Please reproduce the data exactly, though every picture must stay out.

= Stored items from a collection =
[Start of section]
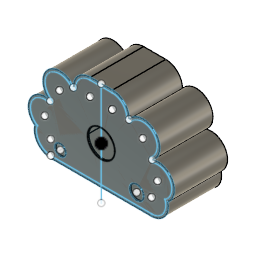
GEM_Model_f3d (Autodesk Fusion 360 design; units mm, degrees)
part number: 2026-02-15-00-40-39-643
Autodesk Fusion 360 part; units mm, degrees
sketch "Sketch1" plane through (0, 0, 0) normal (0, 1, 0) x (1, 0, 0)
  arc A0 (-86.9603, 22.741) -> (-66.7351, -14.8631) centre (-73.884, 5.5329) ccw
  arc A1 (-36.4024, -45.3508) -> (-14.4931, -67.6852) centre (-14.5441, -45.822) ccw
  arc A2 (-66.7351, -14.8631) -> (-36.4024, -45.3508) centre (-54.4848, -33.0082) ccw
  line L0 (0, -67.7) -> (0, 67.7)
  arc A3 (14.4931, -67.6852) -> (36.4024, -45.3508) centre (14.5441, -45.822) ccw
  arc A4 (36.4024, -45.3508) -> (66.7351, -14.8631) centre (54.4848, -33.0082) ccw
  arc A5 (66.7351, -14.8631) -> (86.9603, 22.741) centre (73.884, 5.5329) ccw
  line L1 (-14.4931, -67.6852) -> (14.4931, -67.6852)
  circle A6 centre (-53.6227, 34.3084) radius 7.2
  circle A7 centre (46.3773, 32.3084) radius 9.2
  circle A8 centre (0, 0) radius 17.85
  line L2 (-66.0114, 49.6899) -> (66.0037, 49.6899)
  arc A9 (-66.0037, 49.6899) -> (-86.9603, 22.741) centre (-66.0168, 28.0773) ccw
  arc A10 (86.9603, 22.741) -> (66.0037, 49.6899) centre (66.0168, 28.0773) ccw
  arc A11 (-66.0055, 46.6899) -> (-83.4323, 21.5098) centre (-66.0168, 28.0773) ccw
  arc A12 (-83.4323, 21.5098) -> (-67.7275, -12.032) centre (-73.884, 5.5329) ccw
  arc A13 (-65.0565, -17.3495) -> (-67.7275, -12.032) centre (-66.7351, -14.8631) ccw
  arc A14 (-65.0565, -17.3495) -> (-38.8802, -43.6595) centre (-54.4848, -33.0082) ccw
  arc A15 (-33.403, -45.4154) -> (-38.8802, -43.6595) centre (-36.4024, -45.3508) ccw
  arc A16 (-33.403, -45.4154) -> (-14.4967, -64.6852) centre (-14.5441, -45.822) ccw
  line L3 (-14.4967, -64.6852) -> (14.4967, -64.6852)
  arc A17 (14.4967, -64.6852) -> (33.403, -45.4154) centre (14.5441, -45.822) ccw
  arc A18 (38.8802, -43.6595) -> (33.403, -45.4154) centre (36.4024, -45.3508) ccw
  arc A19 (38.8802, -43.6595) -> (65.0565, -17.3495) centre (54.4848, -33.0082) ccw
  arc A20 (67.7275, -12.032) -> (65.0565, -17.3495) centre (66.7351, -14.8631) ccw
  arc A21 (67.7275, -12.032) -> (83.4323, 21.5098) centre (73.884, 5.5329) ccw
  arc A22 (83.4323, 21.5098) -> (66.0046, 46.6899) centre (66.0168, 28.0773) ccw
  line L4 (-66.0114, 46.6899) -> (66.0046, 46.6899)
  dimension "d19" = 14.4
  dimension "d21" = 18.4
  dimension "d24" = 35.7
  dimension "d26" = -3
  constraint symmetric A0 L0 A5
  constraint symmetric A0.end L0 A4.end
  constraint symmetric A1.start L0 A3.end
  constraint symmetric A1 L0 A3
  constraint symmetric A2 L0 A4
  constraint symmetric A1.end L0 A3.start
  constraint coincident A8.centre origin
  constraint coincident L2.start A9
  constraint coincident L2 A9.start
  constraint symmetric L0 A9.start L2.end
  constraint symmetric L0 A9 A10
  constraint symmetric L0 A0.start A5.end
  measures "d19" diameter of A6
  measures "d21" diameter of A7
  measures "d24" diameter of A8
extrude "Extrude2" add sketch "Sketch1" along normal blind 1.7 contours L0 A8 L3 A17 A18 A19 A20 A21 A22 L4 | L0 A8 A11 A12 A13 A14 A15 A16 L3 L4
extrude "Extrude3" add sketch "Sketch1" along normal blind 70 contours A0 A1 A2 L0 L1 L2 A9 A11 A12 A13 A14 A15 A16 L3 L4 | L0 A3 A4 A5 L1 L2 A10 L3 A17 A18 A19 A20 A21 A22 L4
[End of section]
= EXPECTED OUTPUT =
GEM_Model_f3d (Autodesk Fusion 360 design; units mm, degrees)
part number: 2026-02-15-00-40-39-643
Autodesk Fusion 360 part; units mm, degrees
sketch "Sketch1" plane through (0, 0, 0) normal (0, 1, 0) x (1, 0, 0)
  arc A0 (-86.9603, 22.741) -> (-66.7351, -14.8631) centre (-73.884, 5.5329) ccw
  arc A1 (-36.4024, -45.3508) -> (-14.4931, -67.6852) centre (-14.5441, -45.822) ccw
  arc A2 (-66.7351, -14.8631) -> (-36.4024, -45.3508) centre (-54.4848, -33.0082) ccw
  line L0 (0, -67.7) -> (0, 67.7)
  arc A3 (14.4931, -67.6852) -> (36.4024, -45.3508) centre (14.5441, -45.822) ccw
  arc A4 (36.4024, -45.3508) -> (66.7351, -14.8631) centre (54.4848, -33.0082) ccw
  arc A5 (66.7351, -14.8631) -> (86.9603, 22.741) centre (73.884, 5.5329) ccw
  line L1 (-14.4931, -67.6852) -> (14.4931, -67.6852)
  circle A6 centre (-53.6227, 34.3084) radius 7.2
  circle A7 centre (46.3773, 32.3084) radius 9.2
  circle A8 centre (0, 0) radius 17.85
  line L2 (-66.0114, 49.6899) -> (66.0037, 49.6899)
  arc A9 (-66.0037, 49.6899) -> (-86.9603, 22.741) centre (-66.0168, 28.0773) ccw
  arc A10 (86.9603, 22.741) -> (66.0037, 49.6899) centre (66.0168, 28.0773) ccw
  arc A11 (-66.0055, 46.6899) -> (-83.4323, 21.5098) centre (-66.0168, 28.0773) ccw
  arc A12 (-83.4323, 21.5098) -> (-67.7275, -12.032) centre (-73.884, 5.5329) ccw
  arc A13 (-65.0565, -17.3495) -> (-67.7275, -12.032) centre (-66.7351, -14.8631) ccw
  arc A14 (-65.0565, -17.3495) -> (-38.8802, -43.6595) centre (-54.4848, -33.0082) ccw
  arc A15 (-33.403, -45.4154) -> (-38.8802, -43.6595) centre (-36.4024, -45.3508) ccw
  arc A16 (-33.403, -45.4154) -> (-14.4967, -64.6852) centre (-14.5441, -45.822) ccw
  line L3 (-14.4967, -64.6852) -> (14.4967, -64.6852)
  arc A17 (14.4967, -64.6852) -> (33.403, -45.4154) centre (14.5441, -45.822) ccw
  arc A18 (38.8802, -43.6595) -> (33.403, -45.4154) centre (36.4024, -45.3508) ccw
  arc A19 (38.8802, -43.6595) -> (65.0565, -17.3495) centre (54.4848, -33.0082) ccw
  arc A20 (67.7275, -12.032) -> (65.0565, -17.3495) centre (66.7351, -14.8631) ccw
  arc A21 (67.7275, -12.032) -> (83.4323, 21.5098) centre (73.884, 5.5329) ccw
  arc A22 (83.4323, 21.5098) -> (66.0046, 46.6899) centre (66.0168, 28.0773) ccw
  line L4 (-66.0114, 46.6899) -> (66.0046, 46.6899)
  dimension "d19" = 14.4
  dimension "d21" = 18.4
  dimension "d24" = 35.7
  dimension "d26" = -3
  constraint symmetric A0 L0 A5
  constraint symmetric A0.end L0 A4.end
  constraint symmetric A1.start L0 A3.end
  constraint symmetric A1 L0 A3
  constraint symmetric A2 L0 A4
  constraint symmetric A1.end L0 A3.start
  constraint coincident A8.centre origin
  constraint coincident L2.start A9
  constraint coincident L2 A9.start
  constraint symmetric L0 A9.start L2.end
  constraint symmetric L0 A9 A10
  constraint symmetric L0 A0.start A5.end
  measures "d19" diameter of A6
  measures "d21" diameter of A7
  measures "d24" diameter of A8
extrude "Extrude2" add sketch "Sketch1" along normal blind 1.7 contours L0 A8 L3 A17 A18 A19 A20 A21 A22 L4 | L0 A8 A11 A12 A13 A14 A15 A16 L3 L4
extrude "Extrude3" add sketch "Sketch1" along normal blind 70 contours A0 A1 A2 L0 L1 L2 A9 A11 A12 A13 A14 A15 A16 L3 L4 | L0 A3 A4 A5 L1 L2 A10 L3 A17 A18 A19 A20 A21 A22 L4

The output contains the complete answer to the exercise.